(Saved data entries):
=== Section Start ===
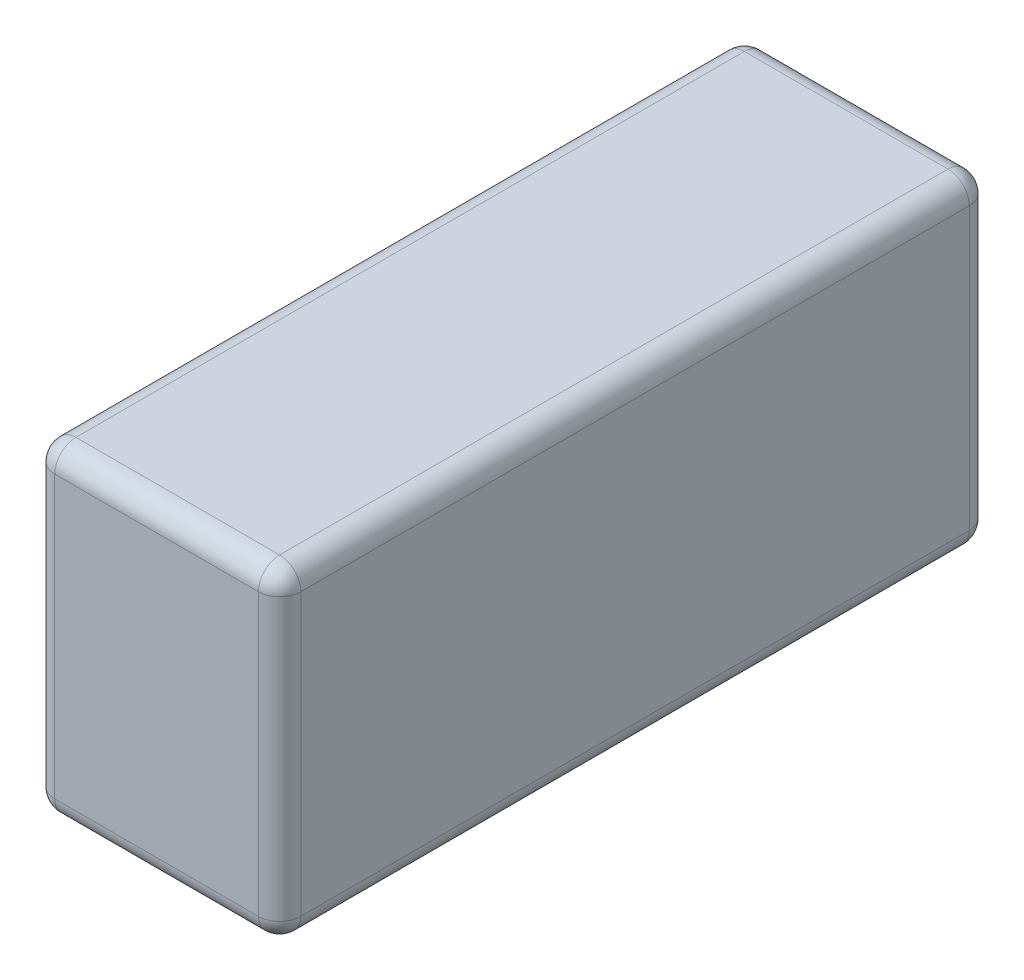
SolidWorks part; units mm, degrees
ref_plane "Спереди" through (0, 0, 0) normal (0, 0, 1) x (1, 0, 0)
ref_plane "Сверху" through (0, 0, 0) normal (0, 1, 0) x (1, 0, 0)
ref_plane "Справа" through (0, 0, 0) normal (1, 0, 0) x (0, 0, -1)
sketch "Эскиз1" plane through (0, 0, 0) normal (0, 1, 0) x (1, 0, 0)
  line L1 (-11.6, 33.5) -> (11.6, 33.5)
  line L2 (-11.6, 33.5) -> (-11.6, -33.5)
  line L3 (-11.6, -33.5) -> (11.6, -33.5)
  line L4 (11.6, 33.5) -> (11.6, -33.5)
  line L5 (-11.6, 33.5) -> (11.6, -33.5) construction
  line L6 (-11.6, -33.5) -> (11.6, 33.5) construction
  point P0 (0, 0)
  dimension "D1" = 23.2
  dimension "D2" = 67
extrude "Бобышка-Вытянуть1" add sketch "Эскиз1" along normal blind 30.5
fillet "Скругление2" radius 2 12 edges at (0, 0, -33.5) (0, 30.5, -33.5) (-11.6, 0, 0) (-11.6, 15.25, -33.5) (-11.6, 30.5, 0) (11.6, 0, 0) (11.6, 30.5, 0) (11.6, 15.25, -33.5) (0, 0, 33.5) (-11.6, 15.25, 33.5) (0, 30.5, 33.5) (11.6, 15.25, 33.5)
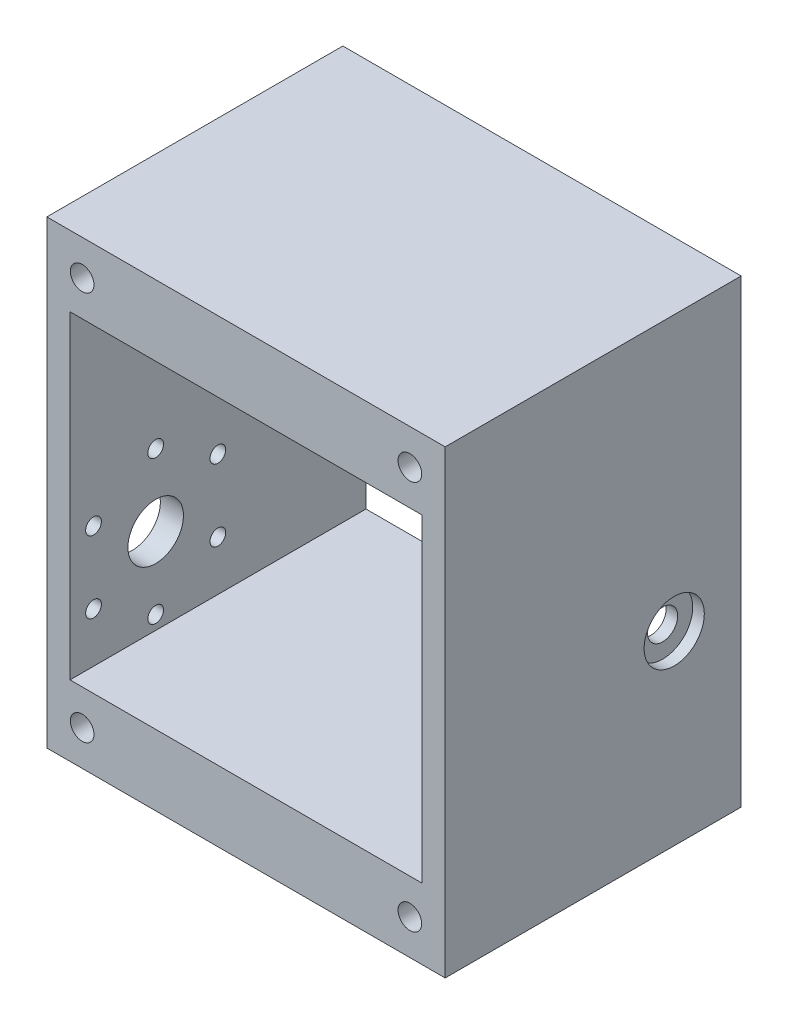
SolidWorks part; units mm, degrees
ref_plane "Front Plane" through (0, 0, 0) normal (0, 0, 1) x (1, 0, 0)
ref_plane "Top Plane" through (0, 0, 0) normal (0, 1, 0) x (1, 0, 0)
ref_plane "Right Plane" through (0, 0, 0) normal (1, 0, 0) x (0, 0, -1)
sketch "Sketch1" plane through (0, 0, 0) normal (0, 0, 1) x (1, 0, 0)
  line L1 (-43, -49.657) -> (43, -49.657)
  line L2 (-43, -49.657) -> (-43, 49.657)
  line L3 (-43, 49.657) -> (43, 49.657)
  line L4 (43, -49.657) -> (43, 49.657)
  line L5 (-43, -49.657) -> (43, 49.657) construction
  line L6 (-43, 49.657) -> (43, -49.657) construction
  point P0 (0, 0)
  dimension "D1" = 86
  dimension "D2" = 99.314
extrude "Boss-Extrude1" add sketch "Sketch1" along normal blind 63.9031
sketch "Sketch2" plane through (0, 0, 63.9031) normal (0, 0, 1) x (1, 0, 0)
  line L0 (-43, 49.657) -> (-43, -49.657) construction
  line L1 (-38, -34.417) -> (38, -34.417)
  line L2 (-38, -34.417) -> (-38, 34.417)
  line L3 (-38, 34.417) -> (38, 34.417)
  line L4 (38, -34.417) -> (38, 34.417)
  line L5 (-38, -34.417) -> (38, 34.417) construction
  line L6 (-38, 34.417) -> (38, -34.417) construction
  line L7 (43, 49.657) -> (-43, 49.657) construction
  point P0 (0, 0)
  dimension "D1" = 5
  dimension "D2" = 15.24
extrude "Cut-Extrude1" cut sketch "Sketch2" against normal through all
hole_wizard "Ø6.5 (6.5) Diameter Hole1" positions "Sketch3" profile "Sketch4" hole size "Ø6.5" standard "ANSI Metric"
sketch "Sketch3" plane through (43, 0, 0) normal (1, 0, 0) x (0, 0, -1)
  line L0 (0, -49.657) -> (0, 49.657) construction
  line L1 (0, 34.417) -> (-63.9031, 34.417) construction
  point P0 (-14.4502, -9.525)
  dimension "D1" = 14.4502
  dimension "D2" = 43.942
sketch "Sketch4" plane through (43, -9.525, 14.4502) normal (0, 1, 0) x (0, 0, -1)
  line L0 (0, 0) -> (0, 5)
  line L1 (0, 5) -> (3.25, 5)
  line L2 (3.25, 5) -> (3.25, 0)
  line L5 (3.25, 0) -> (0, 0)
  line L11 (0, -6.35) -> (0, 107.95) construction
  dimension "Thru Hole Dia." = 6.5
  dimension "Thru Hole Depth" = 5
sketch "Sketch5" plane through (-43, 0, 0) normal (-1, 0, 0) x (0, 0, 1)
  line L0 (63.9031, 49.657) -> (63.9031, -49.657) construction
  line L1 (0, -34.417) -> (63.9031, -34.417) construction
  point P0 (45.4031, -15.917)
  dimension "D1" = 18.5
  dimension "D2" = 18.5
hole_wizard "Ø12.0 (12) Diameter Hole1" positions "Sketch6" profile "Sketch7" hole size "Ø12.0" standard "ANSI Metric"
sketch "Sketch6" plane through (-43, 0, 0) normal (-1, 0, 0) x (0, 0, 1)
  point P0 (45.4031, -15.917)
sketch "Sketch7" plane through (-43, -15.917, 45.4031) normal (0, 1, 0) x (0, 0, 1)
  line L0 (0, 0) -> (0, 5)
  line L1 (0, 5) -> (6, 5)
  line L2 (6, 5) -> (6, 0)
  line L5 (6, 0) -> (0, 0)
  line L11 (0, -6.35) -> (0, 107.95) construction
  dimension "Thru Hole Dia." = 12
  dimension "Thru Hole Depth" = 5
hole_wizard "CSK for M3 Flat Head Machine Screw1" positions "Sketch8" profile "Sketch9" countersink size "M3" standard "ANSI Metric"
sketch "Sketch8" plane through (-43, 0, 0) normal (-1, 0, 0) x (0, 0, 1)
  line L0 (45.4031, -15.917) -> (45.4031, -0.417) construction
  point P0 (45.4031, -0.417)
  point P12 (58.8265, -8.167)
  point P13 (58.8265, -23.667)
  point P14 (45.4031, -31.417)
  point P15 (31.9797, -23.667)
  point P16 (31.9797, -8.167)
  dimension "D2" = 15.5
  dimension "D1" = 6
sketch "Sketch9" plane through (-43, -0.417, 45.4031) normal (0, 1, 0) x (0, 0, 1)
  line L0 (0, 0) -> (0, 5)
  line L1 (0, 5) -> (1.7, 5)
  line L2 (1.7, 5) -> (1.7, 1.45)
  line L3 (1.7, 1.45) -> (3.15, 0)
  line L5 (3.15, 0) -> (0, 0)
  line L6 (-1.7, 1.45) -> (-3.15, 0) construction
  line L11 (0, -6.35) -> (0, 107.95) construction
  dimension "Thru Hole Dia." = 3.4
  dimension "Thru Hole Depth" = 5
  dimension "Near C'Sink Dia." = 6.3
  dimension "Near C'Sink Angle" = 90
hole_wizard "#10 Clearance Hole1" positions "Sketch10" profile "Sketch11" hole size "#10" standard "ANSI Inch" end condition through all
sketch "Sketch10" plane through (0, 0, 63.9031) normal (0, 0, 1) x (1, 0, 0)
  line L0 (-43, 49.657) -> (-43, -49.657) construction
  line L1 (43, 49.657) -> (-43, 49.657) construction
  line L2 (43, -49.657) -> (43, 49.657) construction
  line L3 (-43, -49.657) -> (43, -49.657) construction
  point P0 (-35.38, 42.037)
  point P2 (35.38, 42.037)
  point P4 (-35.38, -42.037)
  point P6 (35.38, -42.037)
  dimension "D1" = 7.62
  dimension "D2" = 7.62
  dimension "D3" = 7.62
  dimension "D4" = 7.62
sketch "Sketch11" plane through (-35.38, 42.037, 63.9031) normal (1, 0, 0) x (0, -1, 0)
  line L0 (0, 0) -> (0, 63.9031)
  line L1 (0, 63.9031) -> (2.5527, 63.9031)
  line L2 (2.5527, 63.9031) -> (2.5527, 0)
  line L5 (2.5527, 0) -> (0, 0)
  line L11 (0, -6.35) -> (0, 107.95) construction
  dimension "Thru Hole Dia." = 5.1054
  dimension "Thru Hole Depth" = 63.9031
sketch "Sketch12" plane through (43, 0, 0) normal (1, 0, 0) x (0, 0, -1)
  circle A0 centre (-14.4502, -9.525) radius 6.5
  dimension "D1" = 13
extrude "Cut-Extrude2" cut sketch "Sketch12" against normal blind 2.5
equation "\"PCB Width\"= 1940mil"
equation "\"PCB Height\"= 2210mil"
equation "\"PCB Thickness\"= 63mil"
equation "\"PCB Mount Height\"= 0.25in"
equation "\"Motor Body Front Diameter\"= 37mm"
equation "\"Motor Body Front Length\"= 30mm"
equation "\"Motor Bearing Length\"= 5mm"
equation "\"Motor Body Back Length\"= 33.3mm"
equation "\"Motor PCR\"= 31mm / 2"
equation "\"Large PVC Fittings Wall Thickness\"= 15in / 64"
equation "\"Large PVC Pipe Outer Diameter\"= 3.5in"
equation "\"Box Width\"= 2 * \"Motor Bearing Length\" + \"Motor Body Front Length\" + \"Motor Body Back Length\" + 0.5in"
equation "\"Box Hole Center to Edge Distance\"= 300mil"
equation "\"Box Ceiling and Floor Thickness\"= 2 * \"Box Hole Center to Edge Distance\""
equation "\"Box Height\"= 2 * \"Box Ceiling and Floor Thickness\" + \"PCB Height\" + 0.5in"
equation "\"Box Middle Depth\"= \"Large PVC Fittings Wall Thickness\" + \"Large PVC Pipe Outer Diameter\" / 2 + \"Motor Body Front Diameter\" / 2 - \"Motor Bearing Length\""
equation "\"D1@Sketch1\"=\"Box Width\""
equation "\"D2@Sketch1\"=\"Box Height\""
equation "\"D1@Boss-Extrude1\"=\"Box Middle Depth\" "
equation "\"D1@Sketch2\"=\"Motor Bearing Length\""
equation "\"D2@Sketch2\"=\"Box Ceiling and Floor Thickness\""
equation "\"D1@Sketch3\"=\"PCB Mount Height\" + \"PCB Thickness\" + 6.5mm"
equation "\"D2@Sketch3\"=\"PCB Height\" - 0.48in"
equation "\"Motor Body Front Radius\"= \"Motor Body Front Diameter\" / 2"
equation "\"D1@Sketch5\"=\"Motor Body Front Radius\""
equation "\"D2@Sketch5\"=\"Motor Body Front Radius\""
equation "\"D2@Sketch8\"=\"Motor PCR\""
equation "\"D1@Sketch10\"=\"Box Hole Center to Edge Distance\""
equation "\"D2@Sketch10\"=\"Box Hole Center to Edge Distance\""
equation "\"D3@Sketch10\"=\"Box Hole Center to Edge Distance\""
equation "\"D4@Sketch10\"=\"Box Hole Center to Edge Distance\""
equation "\"D1@Sketch12\"=13mm"
equation "\"D1@Cut-Extrude2\"=\"Motor Bearing Length\" / 2"
=== Section End ===
Go through the entries and copy every line that has "Distance".

equation "\"Box Hole Center to Edge Distance\"= 300mil"
equation "\"Box Ceiling and Floor Thickness\"= 2 * \"Box Hole Center to Edge Distance\""
equation "\"D1@Sketch10\"=\"Box Hole Center to Edge Distance\""
equation "\"D2@Sketch10\"=\"Box Hole Center to Edge Distance\""
equation "\"D3@Sketch10\"=\"Box Hole Center to Edge Distance\""
equation "\"D4@Sketch10\"=\"Box Hole Center to Edge Distance\""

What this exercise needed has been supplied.